One rainy Friday afternoon, my Father, Peter brought me a book home. I think he grabbed it on a whim, but it started something. The book was this one:
Trixie Belden, The Secret of the Mansion.
I don’t think he knew it then, but that quick little purchase started a ritual that changed my life. I remember ripping that bag open, and scanning the first sentence “Oh Moms, I’ll just die if I don’t get a horse”. I ran to my bedroom and didn’t come out until I’d finished the last words. For I too, would die if I didn’t get a horse. I had no idea who ‘Moms” was.
And then I flipped it over, and I read it again.

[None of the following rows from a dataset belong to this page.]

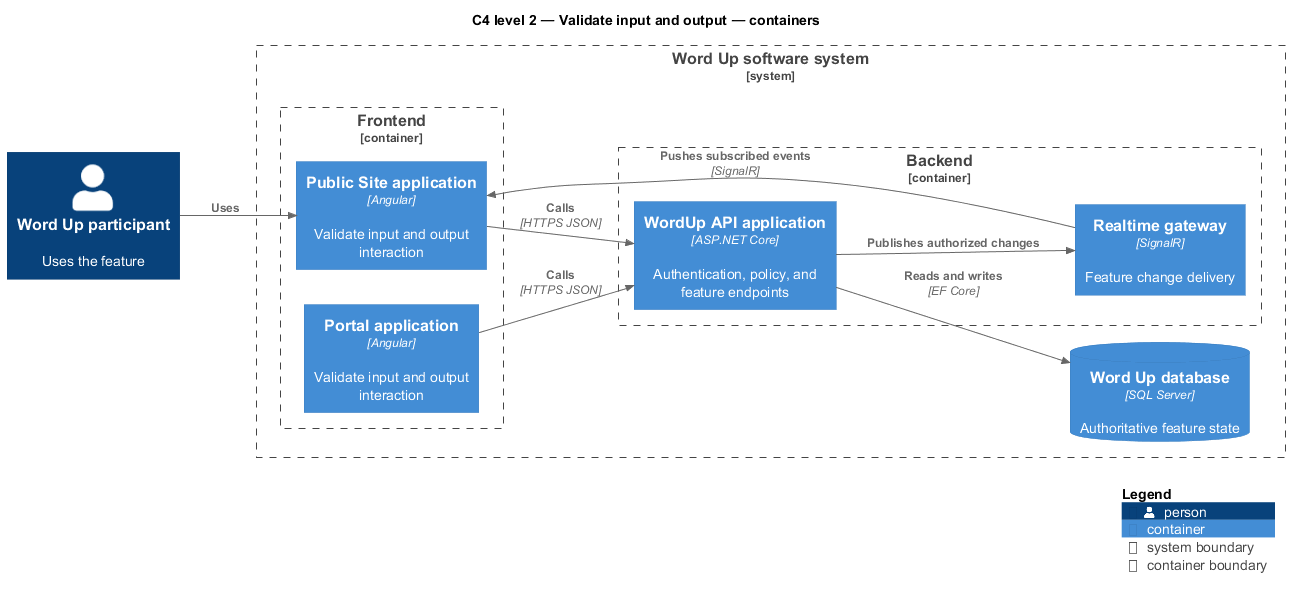

The diagram above was rendered by PlantUML. Its source (embedded in the PNG):
@startuml
!include <C4/C4_Component>
LAYOUT_LEFT_RIGHT()
title C4 level 2 — Validate input and output — containers
Person(primary, "Word Up participant", "Uses the feature")
System_Boundary(wordup, "Word Up software system") {
  Container_Boundary(frontend, "Frontend") {
    Container(app1, "Public Site application", "Angular", "Validate input and output interaction")
    Container(app2, "Portal application", "Angular", "Validate input and output interaction")
  }
  Container_Boundary(backend, "Backend") {
    Container(api, "WordUp API application", "ASP.NET Core", "Authentication, policy, and feature endpoints")
    Container(realtime, "Realtime gateway", "SignalR", "Feature change delivery")
  }
  ContainerDb(db, "Word Up database", "SQL Server", "Authoritative feature state")
}
Rel(primary, app1, "Uses")
Rel(app1, api, "Calls", "HTTPS JSON")
Rel(app2, api, "Calls", "HTTPS JSON")
Rel(api, db, "Reads and writes", "EF Core")
Rel(api, realtime, "Publishes authorized changes")
Rel(realtime, app1, "Pushes subscribed events", "SignalR")
SHOW_LEGEND()
@enduml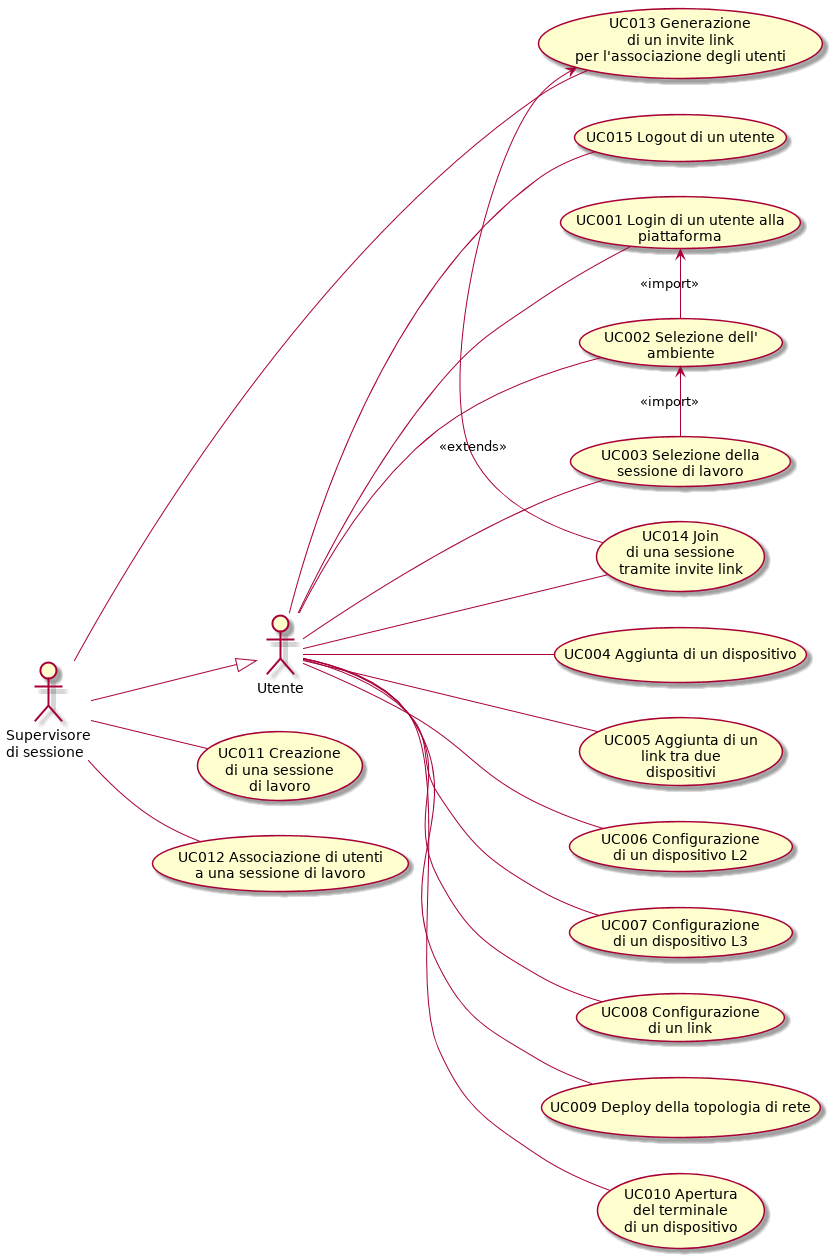

The diagram above was rendered by PlantUML. Its source (embedded in the PNG):
@startuml
left to right direction
actor Utente

actor :Supervisore\ndi sessione: as Supervisore
Supervisore -down-|> Utente

usecase (UC001 Login di un utente alla\npiattaforma) as UC001
usecase (UC002 Selezione dell'\nambiente) as UC002
usecase (UC003 Selezione della\nsessione di lavoro) as UC003
usecase (UC004 Aggiunta di un dispositivo) as UC004
UC001 <- UC002 : <<import>>
UC002 <- UC003 : <<import>>
usecase (UC005 Aggiunta di un\nlink tra due\n dispositivi) as UC005
usecase (UC006 Configurazione\ndi un dispositivo L2) as UC006
usecase (UC007 Configurazione\ndi un dispositivo L3) as UC007
usecase (UC008 Configurazione\ndi un link) as UC008
usecase (UC009 Deploy della topologia di rete) as UC009
usecase (UC010 Apertura\ndel terminale\ndi un dispositivo) as UC010
usecase (UC011 Creazione\ndi una sessione\ndi lavoro) as UC011
usecase (UC012 Associazione di utenti\na una sessione di lavoro) as UC012
usecase (UC013 Generazione\ndi un invite link\nper l'associazione degli utenti) as UC013
usecase (UC014 Join\ndi una sessione\ntramite invite link) as UC014
usecase (UC015 Logout di un utente) as UC015


Utente -- UC001
Utente -- UC002
Utente -- UC003
Utente -- UC004
Utente -- UC005
Utente -- UC006
Utente -- UC007
Utente -- UC008
Utente -- UC009
Utente -- UC010
Supervisore -- UC011
Supervisore -- UC012
Supervisore -- UC013
Utente -- UC014
Utente -- UC015
UC013 <- UC014 : <<extends>>
@enduml

The following Friday, another brown paper bag from the bookshop, another Trixie. And so the habit was born. I don’t think Peter knew just what he’d gotten into, for author Julie Campbell and then mysteriously after book six, Kathryn Kenny, were prolific. They wrote thirty-six Trixie Belden books. THIRTY SIX. At a book a week, that’s nine months. In the time it would take to grow a human baby, my Dad grew a monster. A reading monster. It was voracious.
And so that is what happened. Every. Single. Friday.
Some Fridays he would have “lunch meetings”. It was back in the 80s, before everyone got a work ethic, and when long boozy lunches were an accepted and expected part of business. When he got home he’d be so “tired” from his busy day that Mum would make him go straight to bed. Yet still the brown paper bag. Still the book.
He never forgot.
Of course, eventually we moved on from Trixie, and through other catalogues: Dahl, Tolkien, Twain, Steinbeck. Then later; King, Hornby, Bryson. And finally, right near the end, Nick Earls. By the time we got to Nick I’d long since moved out of home, and so we would have quick chats over the phone or send emails about what we were reading. We had lots of cross-overs, but our tastes diverged at Peter Carey. I couldn’t do Carey.
In the later years, we had switched roles a little, I didn’t do it every Friday, but I did sometimes buy my Dad a book. The last one I got him was The True Story of Butterfish, by Nick Earls. He never finished it. Before he could, the cancer devoured him, from the inside out, and Butterfish was left sitting on the bedside table.
A few months later I was sitting at my desk, reading Butterfish, and I came across a passage I particularly liked. Forgetting my Dad was dead, I absent-mindedly picked up the phone and called his office to discuss it. A woman answered, and the pain and the sad came over me in a hot and cold wave. I hung up quickly, without telling her I was calling to speak to my dead father.
My Dad always thought I’d write a book one day. I don’t know if I have a book in me, but I do have a blog now. And for now, that is enough. I hope my Dad would like reading it.
…From The Ashers xx
What book memories do you have?
Did your Dad do cool stuff for you when you were a kid?